管家匆匆忙忙的進來到餘偉芬的身邊低聲說道,“夫人,外麵來了幾個警察說要見祁柔小姐。”
“什麽?”餘偉芬看了一眼祁柔之後跟著管家一起走到了門口。
門口站著兩個穿著警服的警察,餘偉芬禮貌的問道:“兩位有什麽事嗎?”
“我們要見祁柔,今天我們接到報案一名女士頭部被硬物擊中縫了十一針,受害者說是跟祁柔發生了爭執被玻璃杯擊中,我們在案發現場找到了玻璃杯現在想帶祁柔回去做一下調查!”
“這.……”餘偉芬麵露難色,“我們祁柔身體不好,很少出家門也不會做動手打人的事情!”
“別難為我們辦公!”警察看了一眼明亮的客廳,“請配合!”
祁柔發現了母親的不對勁。

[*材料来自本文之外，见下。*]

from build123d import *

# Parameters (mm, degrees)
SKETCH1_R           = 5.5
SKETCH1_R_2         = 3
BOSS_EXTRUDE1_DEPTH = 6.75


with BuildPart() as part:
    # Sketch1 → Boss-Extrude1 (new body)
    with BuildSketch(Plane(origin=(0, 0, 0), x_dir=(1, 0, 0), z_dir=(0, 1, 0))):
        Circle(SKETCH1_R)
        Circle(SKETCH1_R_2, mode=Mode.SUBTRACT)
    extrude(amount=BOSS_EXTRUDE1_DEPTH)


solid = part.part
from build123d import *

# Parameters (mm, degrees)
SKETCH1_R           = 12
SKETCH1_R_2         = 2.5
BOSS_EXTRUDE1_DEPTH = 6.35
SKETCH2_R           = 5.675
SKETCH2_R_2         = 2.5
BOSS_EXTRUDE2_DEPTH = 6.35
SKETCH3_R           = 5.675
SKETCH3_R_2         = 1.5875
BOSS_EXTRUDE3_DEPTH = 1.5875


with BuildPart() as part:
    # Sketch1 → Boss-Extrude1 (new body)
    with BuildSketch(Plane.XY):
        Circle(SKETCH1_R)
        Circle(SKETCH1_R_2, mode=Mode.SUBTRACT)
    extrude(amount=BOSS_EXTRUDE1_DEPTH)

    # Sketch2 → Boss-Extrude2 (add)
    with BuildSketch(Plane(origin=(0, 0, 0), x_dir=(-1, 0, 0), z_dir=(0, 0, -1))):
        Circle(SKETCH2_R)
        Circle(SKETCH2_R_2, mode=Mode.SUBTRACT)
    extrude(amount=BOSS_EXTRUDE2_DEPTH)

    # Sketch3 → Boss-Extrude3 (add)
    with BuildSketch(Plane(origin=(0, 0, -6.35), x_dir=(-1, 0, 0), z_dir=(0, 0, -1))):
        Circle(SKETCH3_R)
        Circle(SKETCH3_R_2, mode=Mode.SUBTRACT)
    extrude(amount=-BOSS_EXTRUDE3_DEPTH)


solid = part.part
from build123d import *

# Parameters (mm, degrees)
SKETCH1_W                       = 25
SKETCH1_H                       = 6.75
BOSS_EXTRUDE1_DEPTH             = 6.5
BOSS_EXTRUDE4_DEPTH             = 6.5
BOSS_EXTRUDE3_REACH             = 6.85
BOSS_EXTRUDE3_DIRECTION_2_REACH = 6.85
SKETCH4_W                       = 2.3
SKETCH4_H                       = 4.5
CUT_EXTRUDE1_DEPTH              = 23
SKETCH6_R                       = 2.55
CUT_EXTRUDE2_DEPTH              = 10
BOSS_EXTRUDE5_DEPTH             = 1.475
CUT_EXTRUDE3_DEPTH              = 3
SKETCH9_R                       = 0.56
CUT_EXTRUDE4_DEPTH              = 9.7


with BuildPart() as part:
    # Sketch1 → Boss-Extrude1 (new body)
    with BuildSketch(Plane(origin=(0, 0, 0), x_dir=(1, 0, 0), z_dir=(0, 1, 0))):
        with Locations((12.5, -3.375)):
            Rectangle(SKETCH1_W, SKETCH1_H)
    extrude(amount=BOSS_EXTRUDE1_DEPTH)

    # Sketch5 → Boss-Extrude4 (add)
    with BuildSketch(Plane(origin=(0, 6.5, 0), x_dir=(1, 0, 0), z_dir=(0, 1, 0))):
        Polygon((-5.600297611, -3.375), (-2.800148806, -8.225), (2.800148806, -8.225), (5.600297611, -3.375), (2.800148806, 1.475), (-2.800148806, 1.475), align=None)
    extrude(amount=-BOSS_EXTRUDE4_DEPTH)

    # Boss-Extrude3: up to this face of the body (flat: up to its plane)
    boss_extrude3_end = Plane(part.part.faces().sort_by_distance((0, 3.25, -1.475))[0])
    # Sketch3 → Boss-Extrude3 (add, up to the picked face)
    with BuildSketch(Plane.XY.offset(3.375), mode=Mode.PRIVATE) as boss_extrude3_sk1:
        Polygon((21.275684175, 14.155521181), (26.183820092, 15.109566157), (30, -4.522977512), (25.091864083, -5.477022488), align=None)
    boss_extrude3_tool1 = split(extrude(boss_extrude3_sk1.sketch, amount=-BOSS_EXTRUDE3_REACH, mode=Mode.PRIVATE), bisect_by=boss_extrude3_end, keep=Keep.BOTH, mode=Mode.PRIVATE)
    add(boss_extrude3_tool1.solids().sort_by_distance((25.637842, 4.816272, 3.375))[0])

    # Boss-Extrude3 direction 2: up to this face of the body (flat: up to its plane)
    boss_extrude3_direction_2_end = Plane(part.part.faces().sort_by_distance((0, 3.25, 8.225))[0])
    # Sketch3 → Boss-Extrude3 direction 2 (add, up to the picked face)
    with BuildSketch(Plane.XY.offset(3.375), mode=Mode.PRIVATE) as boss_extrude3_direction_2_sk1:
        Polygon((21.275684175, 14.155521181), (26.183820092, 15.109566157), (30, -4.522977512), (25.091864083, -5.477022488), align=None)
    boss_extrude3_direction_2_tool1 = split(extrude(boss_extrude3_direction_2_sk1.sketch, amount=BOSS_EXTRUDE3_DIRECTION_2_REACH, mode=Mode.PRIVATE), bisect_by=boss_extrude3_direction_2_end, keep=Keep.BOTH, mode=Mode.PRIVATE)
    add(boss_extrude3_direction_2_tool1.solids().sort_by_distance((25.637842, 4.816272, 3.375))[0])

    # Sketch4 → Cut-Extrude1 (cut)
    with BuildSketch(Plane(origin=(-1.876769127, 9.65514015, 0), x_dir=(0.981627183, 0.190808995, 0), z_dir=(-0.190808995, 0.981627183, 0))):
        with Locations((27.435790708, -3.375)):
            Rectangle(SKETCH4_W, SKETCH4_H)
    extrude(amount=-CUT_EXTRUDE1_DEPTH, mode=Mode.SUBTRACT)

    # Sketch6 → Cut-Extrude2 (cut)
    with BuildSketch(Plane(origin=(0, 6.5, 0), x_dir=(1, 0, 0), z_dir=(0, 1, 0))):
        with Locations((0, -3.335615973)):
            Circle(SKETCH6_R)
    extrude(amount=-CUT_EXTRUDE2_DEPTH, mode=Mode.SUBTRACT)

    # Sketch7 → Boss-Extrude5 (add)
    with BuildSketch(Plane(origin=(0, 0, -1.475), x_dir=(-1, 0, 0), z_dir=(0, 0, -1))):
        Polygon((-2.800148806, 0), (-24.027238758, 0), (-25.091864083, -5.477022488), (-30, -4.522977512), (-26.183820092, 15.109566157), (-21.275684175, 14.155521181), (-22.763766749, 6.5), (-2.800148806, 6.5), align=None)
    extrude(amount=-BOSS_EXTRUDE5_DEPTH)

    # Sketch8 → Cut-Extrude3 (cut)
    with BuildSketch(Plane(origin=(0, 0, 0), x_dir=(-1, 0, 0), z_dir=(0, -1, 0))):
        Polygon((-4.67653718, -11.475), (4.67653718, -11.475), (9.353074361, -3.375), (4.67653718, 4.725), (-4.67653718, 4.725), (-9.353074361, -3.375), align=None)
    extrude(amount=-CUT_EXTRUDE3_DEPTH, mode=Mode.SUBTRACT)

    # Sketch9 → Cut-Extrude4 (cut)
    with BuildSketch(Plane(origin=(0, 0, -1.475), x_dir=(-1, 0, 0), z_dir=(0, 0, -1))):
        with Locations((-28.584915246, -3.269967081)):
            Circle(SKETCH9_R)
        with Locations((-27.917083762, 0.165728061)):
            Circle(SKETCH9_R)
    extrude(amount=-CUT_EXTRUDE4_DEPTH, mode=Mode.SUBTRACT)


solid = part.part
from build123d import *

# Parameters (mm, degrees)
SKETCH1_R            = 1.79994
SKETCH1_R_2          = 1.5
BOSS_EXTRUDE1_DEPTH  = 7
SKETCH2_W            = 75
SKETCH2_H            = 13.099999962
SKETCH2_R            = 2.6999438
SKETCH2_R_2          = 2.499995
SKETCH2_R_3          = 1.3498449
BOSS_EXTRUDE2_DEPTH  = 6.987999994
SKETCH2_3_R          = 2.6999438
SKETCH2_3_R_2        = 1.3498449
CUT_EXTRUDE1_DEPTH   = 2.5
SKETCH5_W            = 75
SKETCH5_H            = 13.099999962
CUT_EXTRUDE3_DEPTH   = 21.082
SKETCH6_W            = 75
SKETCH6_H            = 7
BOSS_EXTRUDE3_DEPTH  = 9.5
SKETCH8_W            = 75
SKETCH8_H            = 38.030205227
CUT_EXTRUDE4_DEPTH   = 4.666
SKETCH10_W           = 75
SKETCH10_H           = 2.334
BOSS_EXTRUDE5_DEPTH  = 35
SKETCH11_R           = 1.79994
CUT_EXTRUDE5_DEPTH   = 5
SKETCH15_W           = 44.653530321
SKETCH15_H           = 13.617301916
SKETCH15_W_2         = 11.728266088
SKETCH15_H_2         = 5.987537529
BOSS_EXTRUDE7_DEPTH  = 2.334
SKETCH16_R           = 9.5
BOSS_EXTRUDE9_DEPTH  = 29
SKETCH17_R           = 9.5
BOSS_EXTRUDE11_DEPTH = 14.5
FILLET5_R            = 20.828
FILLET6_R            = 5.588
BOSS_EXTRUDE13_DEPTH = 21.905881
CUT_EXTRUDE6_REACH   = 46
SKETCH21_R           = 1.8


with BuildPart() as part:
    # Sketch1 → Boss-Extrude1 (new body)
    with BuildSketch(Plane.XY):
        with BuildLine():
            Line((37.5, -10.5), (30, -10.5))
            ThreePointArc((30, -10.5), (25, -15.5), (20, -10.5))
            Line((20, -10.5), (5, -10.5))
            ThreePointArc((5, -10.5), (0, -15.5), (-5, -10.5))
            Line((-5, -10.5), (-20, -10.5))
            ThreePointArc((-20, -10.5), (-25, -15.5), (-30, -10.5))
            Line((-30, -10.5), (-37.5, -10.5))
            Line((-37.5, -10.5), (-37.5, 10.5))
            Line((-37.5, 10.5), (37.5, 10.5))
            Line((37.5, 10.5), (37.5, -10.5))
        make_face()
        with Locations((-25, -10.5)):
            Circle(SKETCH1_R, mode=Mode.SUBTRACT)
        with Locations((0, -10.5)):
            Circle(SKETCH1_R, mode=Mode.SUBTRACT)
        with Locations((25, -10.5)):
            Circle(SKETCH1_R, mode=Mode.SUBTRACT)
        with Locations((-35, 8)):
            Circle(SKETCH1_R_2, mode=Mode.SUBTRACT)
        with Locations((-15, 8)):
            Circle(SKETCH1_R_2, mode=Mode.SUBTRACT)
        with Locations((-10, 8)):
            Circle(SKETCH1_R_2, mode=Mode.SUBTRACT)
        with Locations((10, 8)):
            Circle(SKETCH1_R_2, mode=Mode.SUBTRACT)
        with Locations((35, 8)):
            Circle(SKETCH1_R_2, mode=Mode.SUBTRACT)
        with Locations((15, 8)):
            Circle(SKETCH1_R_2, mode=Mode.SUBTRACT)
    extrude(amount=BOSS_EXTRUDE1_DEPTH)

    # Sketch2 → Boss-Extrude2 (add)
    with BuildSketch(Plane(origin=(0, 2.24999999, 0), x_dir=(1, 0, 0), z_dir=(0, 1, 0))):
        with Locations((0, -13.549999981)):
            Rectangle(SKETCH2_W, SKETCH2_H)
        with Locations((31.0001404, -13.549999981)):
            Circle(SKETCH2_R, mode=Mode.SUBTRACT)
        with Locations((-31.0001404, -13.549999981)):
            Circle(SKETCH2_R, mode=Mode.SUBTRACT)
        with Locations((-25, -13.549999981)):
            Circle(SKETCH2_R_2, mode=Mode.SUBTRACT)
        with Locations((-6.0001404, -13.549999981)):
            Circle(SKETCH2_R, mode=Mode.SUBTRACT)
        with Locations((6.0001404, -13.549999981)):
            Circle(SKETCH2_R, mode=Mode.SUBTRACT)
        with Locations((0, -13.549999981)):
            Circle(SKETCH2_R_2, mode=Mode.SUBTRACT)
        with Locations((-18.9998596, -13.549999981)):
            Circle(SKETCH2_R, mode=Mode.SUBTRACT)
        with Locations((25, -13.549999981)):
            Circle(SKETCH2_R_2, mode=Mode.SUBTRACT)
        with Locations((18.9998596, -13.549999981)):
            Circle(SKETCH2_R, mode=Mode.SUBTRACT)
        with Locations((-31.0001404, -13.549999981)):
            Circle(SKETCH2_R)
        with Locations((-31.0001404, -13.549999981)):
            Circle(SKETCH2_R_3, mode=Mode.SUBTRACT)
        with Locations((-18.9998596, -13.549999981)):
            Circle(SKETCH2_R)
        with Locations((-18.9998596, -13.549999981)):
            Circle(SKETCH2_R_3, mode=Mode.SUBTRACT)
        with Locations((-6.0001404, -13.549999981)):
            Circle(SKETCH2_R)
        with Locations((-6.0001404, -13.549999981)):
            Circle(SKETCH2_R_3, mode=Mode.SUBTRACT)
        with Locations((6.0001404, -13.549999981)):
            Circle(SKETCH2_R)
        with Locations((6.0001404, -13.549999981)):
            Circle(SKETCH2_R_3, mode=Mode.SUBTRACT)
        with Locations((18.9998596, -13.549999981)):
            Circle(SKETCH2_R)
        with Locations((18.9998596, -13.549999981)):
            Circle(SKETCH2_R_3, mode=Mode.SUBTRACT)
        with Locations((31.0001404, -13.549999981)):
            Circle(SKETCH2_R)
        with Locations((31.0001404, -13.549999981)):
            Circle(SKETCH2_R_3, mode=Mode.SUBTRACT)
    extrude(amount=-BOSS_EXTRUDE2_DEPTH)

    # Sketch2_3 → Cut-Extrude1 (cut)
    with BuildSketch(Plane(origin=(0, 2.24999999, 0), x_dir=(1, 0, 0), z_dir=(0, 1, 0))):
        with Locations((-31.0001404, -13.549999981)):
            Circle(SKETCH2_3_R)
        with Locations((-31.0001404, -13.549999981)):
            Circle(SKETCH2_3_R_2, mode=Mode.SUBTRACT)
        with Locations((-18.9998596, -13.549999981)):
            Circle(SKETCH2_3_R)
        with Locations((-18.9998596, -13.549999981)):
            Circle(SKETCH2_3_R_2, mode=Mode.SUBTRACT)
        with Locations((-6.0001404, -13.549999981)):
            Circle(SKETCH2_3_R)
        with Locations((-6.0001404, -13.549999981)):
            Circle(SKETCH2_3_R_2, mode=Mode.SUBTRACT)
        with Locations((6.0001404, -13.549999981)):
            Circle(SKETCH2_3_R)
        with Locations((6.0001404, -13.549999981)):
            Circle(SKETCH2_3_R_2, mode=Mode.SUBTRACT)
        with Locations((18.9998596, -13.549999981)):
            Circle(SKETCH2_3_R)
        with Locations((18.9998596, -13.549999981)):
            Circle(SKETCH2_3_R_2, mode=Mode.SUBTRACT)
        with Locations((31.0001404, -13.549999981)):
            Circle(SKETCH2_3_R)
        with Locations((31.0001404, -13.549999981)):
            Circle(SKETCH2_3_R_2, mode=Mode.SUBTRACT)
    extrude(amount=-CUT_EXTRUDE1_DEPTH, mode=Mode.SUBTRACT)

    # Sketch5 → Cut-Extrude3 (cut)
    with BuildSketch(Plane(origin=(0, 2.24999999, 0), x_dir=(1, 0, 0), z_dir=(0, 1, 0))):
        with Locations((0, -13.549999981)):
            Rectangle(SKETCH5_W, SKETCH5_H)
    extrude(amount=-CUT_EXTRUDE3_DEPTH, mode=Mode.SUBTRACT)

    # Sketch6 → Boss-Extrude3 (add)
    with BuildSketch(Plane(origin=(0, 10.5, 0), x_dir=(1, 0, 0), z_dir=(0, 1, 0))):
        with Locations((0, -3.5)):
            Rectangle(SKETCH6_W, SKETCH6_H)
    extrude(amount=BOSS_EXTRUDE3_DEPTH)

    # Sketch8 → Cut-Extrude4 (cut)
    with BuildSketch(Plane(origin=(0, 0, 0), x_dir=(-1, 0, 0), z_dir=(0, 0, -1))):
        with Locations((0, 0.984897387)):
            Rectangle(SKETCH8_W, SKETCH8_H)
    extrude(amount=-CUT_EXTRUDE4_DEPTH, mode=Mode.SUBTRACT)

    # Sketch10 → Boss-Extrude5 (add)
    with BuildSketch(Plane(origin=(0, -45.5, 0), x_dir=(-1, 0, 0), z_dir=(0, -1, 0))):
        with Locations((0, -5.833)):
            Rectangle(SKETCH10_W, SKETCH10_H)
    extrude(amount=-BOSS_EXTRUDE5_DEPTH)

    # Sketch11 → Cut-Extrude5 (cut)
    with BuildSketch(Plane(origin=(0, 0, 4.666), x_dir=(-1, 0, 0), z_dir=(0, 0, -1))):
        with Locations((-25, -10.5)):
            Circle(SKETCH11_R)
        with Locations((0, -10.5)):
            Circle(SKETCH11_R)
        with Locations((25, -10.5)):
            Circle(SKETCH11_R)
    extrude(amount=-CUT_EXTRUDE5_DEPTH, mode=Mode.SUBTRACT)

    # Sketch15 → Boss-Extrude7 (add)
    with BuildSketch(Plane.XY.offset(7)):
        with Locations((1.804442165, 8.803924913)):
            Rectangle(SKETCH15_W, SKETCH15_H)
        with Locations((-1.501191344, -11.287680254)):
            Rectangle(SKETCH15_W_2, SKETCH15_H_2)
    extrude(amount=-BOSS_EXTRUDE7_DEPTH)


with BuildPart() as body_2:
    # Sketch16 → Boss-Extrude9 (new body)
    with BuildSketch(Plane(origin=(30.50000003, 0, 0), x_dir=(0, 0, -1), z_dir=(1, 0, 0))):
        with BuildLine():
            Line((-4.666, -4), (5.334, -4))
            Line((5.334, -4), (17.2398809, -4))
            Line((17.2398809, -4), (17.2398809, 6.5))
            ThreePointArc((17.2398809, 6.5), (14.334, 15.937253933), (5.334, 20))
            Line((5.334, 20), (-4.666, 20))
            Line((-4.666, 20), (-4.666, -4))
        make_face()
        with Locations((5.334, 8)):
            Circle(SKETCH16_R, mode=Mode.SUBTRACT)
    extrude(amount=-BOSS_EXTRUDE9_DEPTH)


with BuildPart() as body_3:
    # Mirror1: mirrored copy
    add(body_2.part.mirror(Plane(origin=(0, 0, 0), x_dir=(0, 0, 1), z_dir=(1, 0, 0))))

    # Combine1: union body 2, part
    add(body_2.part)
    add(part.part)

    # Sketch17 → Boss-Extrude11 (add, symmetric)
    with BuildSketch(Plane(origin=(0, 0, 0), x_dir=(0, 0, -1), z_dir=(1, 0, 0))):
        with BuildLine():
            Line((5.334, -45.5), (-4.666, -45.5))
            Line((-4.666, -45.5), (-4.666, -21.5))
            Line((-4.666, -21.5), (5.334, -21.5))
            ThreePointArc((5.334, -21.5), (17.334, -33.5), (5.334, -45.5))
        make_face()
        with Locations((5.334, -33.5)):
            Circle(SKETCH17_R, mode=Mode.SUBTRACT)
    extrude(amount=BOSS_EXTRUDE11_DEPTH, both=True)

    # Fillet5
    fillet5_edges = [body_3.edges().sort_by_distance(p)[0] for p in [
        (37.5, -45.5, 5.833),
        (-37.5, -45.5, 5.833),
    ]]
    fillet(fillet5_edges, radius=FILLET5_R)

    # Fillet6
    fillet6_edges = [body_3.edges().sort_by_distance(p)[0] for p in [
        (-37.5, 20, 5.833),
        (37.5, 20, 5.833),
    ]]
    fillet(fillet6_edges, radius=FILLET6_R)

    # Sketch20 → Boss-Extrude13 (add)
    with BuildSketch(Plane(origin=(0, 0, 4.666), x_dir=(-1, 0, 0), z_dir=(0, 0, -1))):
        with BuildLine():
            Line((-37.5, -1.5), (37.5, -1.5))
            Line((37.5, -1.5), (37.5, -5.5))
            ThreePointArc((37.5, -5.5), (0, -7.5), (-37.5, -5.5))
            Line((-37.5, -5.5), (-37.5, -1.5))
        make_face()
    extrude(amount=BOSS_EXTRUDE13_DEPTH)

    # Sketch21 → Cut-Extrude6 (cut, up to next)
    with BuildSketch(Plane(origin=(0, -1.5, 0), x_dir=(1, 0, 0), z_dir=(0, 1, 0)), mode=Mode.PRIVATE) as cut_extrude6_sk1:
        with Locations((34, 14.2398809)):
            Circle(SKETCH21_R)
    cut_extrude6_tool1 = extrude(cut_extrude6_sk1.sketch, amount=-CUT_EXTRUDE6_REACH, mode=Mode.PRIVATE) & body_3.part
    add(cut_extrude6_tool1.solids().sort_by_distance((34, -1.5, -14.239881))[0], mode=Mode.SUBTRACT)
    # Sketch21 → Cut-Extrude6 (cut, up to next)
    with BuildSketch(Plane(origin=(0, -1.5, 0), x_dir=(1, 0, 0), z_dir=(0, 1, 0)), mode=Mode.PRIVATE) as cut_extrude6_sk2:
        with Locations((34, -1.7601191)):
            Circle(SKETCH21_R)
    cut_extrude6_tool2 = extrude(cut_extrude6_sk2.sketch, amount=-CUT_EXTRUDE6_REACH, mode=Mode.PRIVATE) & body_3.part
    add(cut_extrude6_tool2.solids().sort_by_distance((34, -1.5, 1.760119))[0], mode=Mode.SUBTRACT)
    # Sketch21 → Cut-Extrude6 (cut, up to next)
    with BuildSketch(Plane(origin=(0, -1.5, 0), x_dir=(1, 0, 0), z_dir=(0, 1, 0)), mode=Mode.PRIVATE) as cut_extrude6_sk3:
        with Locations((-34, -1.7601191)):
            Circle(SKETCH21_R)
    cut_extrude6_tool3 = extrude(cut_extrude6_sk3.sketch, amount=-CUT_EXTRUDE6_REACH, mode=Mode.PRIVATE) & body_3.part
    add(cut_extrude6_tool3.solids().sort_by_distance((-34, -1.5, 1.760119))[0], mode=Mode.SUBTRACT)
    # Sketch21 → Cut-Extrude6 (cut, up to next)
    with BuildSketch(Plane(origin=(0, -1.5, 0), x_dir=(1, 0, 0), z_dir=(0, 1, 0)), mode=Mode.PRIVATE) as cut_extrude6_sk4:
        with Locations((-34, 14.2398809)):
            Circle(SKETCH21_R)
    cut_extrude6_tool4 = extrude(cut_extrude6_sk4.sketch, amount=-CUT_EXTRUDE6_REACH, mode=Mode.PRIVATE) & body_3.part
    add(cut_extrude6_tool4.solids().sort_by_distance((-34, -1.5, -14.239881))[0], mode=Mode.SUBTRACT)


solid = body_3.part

,她走出來看見餘偉芬在跟兩名警察對話,便問道,“媽媽,怎麽了?”
警察問道:“你是祁柔嗎?”
祁柔點頭,“我是!”
“有位女士報案說你用玻璃杯打傷了她的頭部,現在我們請你回去做個筆錄在采集一下指紋,請你配合,跟我們走一趟!”
“玻璃杯?”祁柔想到的是白天凱琳對自己的謾罵還有攻擊,心中怒火正無處發泄:“是李凱琳先動手打我的,我隻是正當防衛!”
“跟我們走一趟吧!”警察指了指門口的警車。
祁柔看了一眼餘偉芬,臉上流出了委屈的淚水,伸出胳膊“媽媽,我沒有動手!真的是她先打我的,你看看我身上的淤青……”
“祁柔!”與我分止住了祁柔想要說的話,“我跟你去!”
警察雖然麵露難色,但是上麵交代過,一定要將祁柔帶回派出所,剩下的不用他們管。“行!走吧!”
餘偉芬回頭跟管家交代了兩句之後便跟著祁柔一起上了警察消失在月色中。
&
祁柔被帶進派出所之後就被帶進了證據采集時采集指紋,她第一次來到這種地方心裏恐懼的很,而餘偉芬在往外麵焦急的打著電話,她已經聯係了王律師馬上來這裏,勢必將祁柔先保釋出去。
祁柔一會被帶到了問詢室,在審訊室等了一會之後進來一名男警察,他將審訊夾扔在桌子上看著祁柔,“說吧,你怎麽打傷人的!”
“我沒打傷她!是她先動手的!”祁柔激動的拍著桌子,“是她帶著人強行進入了房間然後攻擊我!”
“證據?”你男警官十分不耐煩的看著她,“誰看見了?”
是啊,誰看見了?
祁柔這時候傻了眼,當時是凱琳騎在自己的身上動手,門外的那幾個人是在凱琳受傷後才進的門,他們是李凱琳的人,自然會幫她說話。
“喂喂.……問你話呢!”男警官拍了拍桌子看著祁柔,“趕緊認了得了,李家小姐你都敢動手,真是活得不耐煩了!”
“真的是她動手的!不信你看看我身上的淤青!”祁柔將自己的袖子挽起讓景觀看著胳膊上麵的於痕,“都是她打的!”
男警官在看著那潔白的藕臂心裏有一刹那的失神,他看了看祁柔那清麗絕美的容顏心裏動了歪心思。
反正上麵交代他要‘好好盤問’這個女人,他倒不如利用這個機會給自己開開葷。想到這裏男警官的臉上露出了色眯眯的表情:“身上別的地方還有淤青嗎?我要親自檢查!”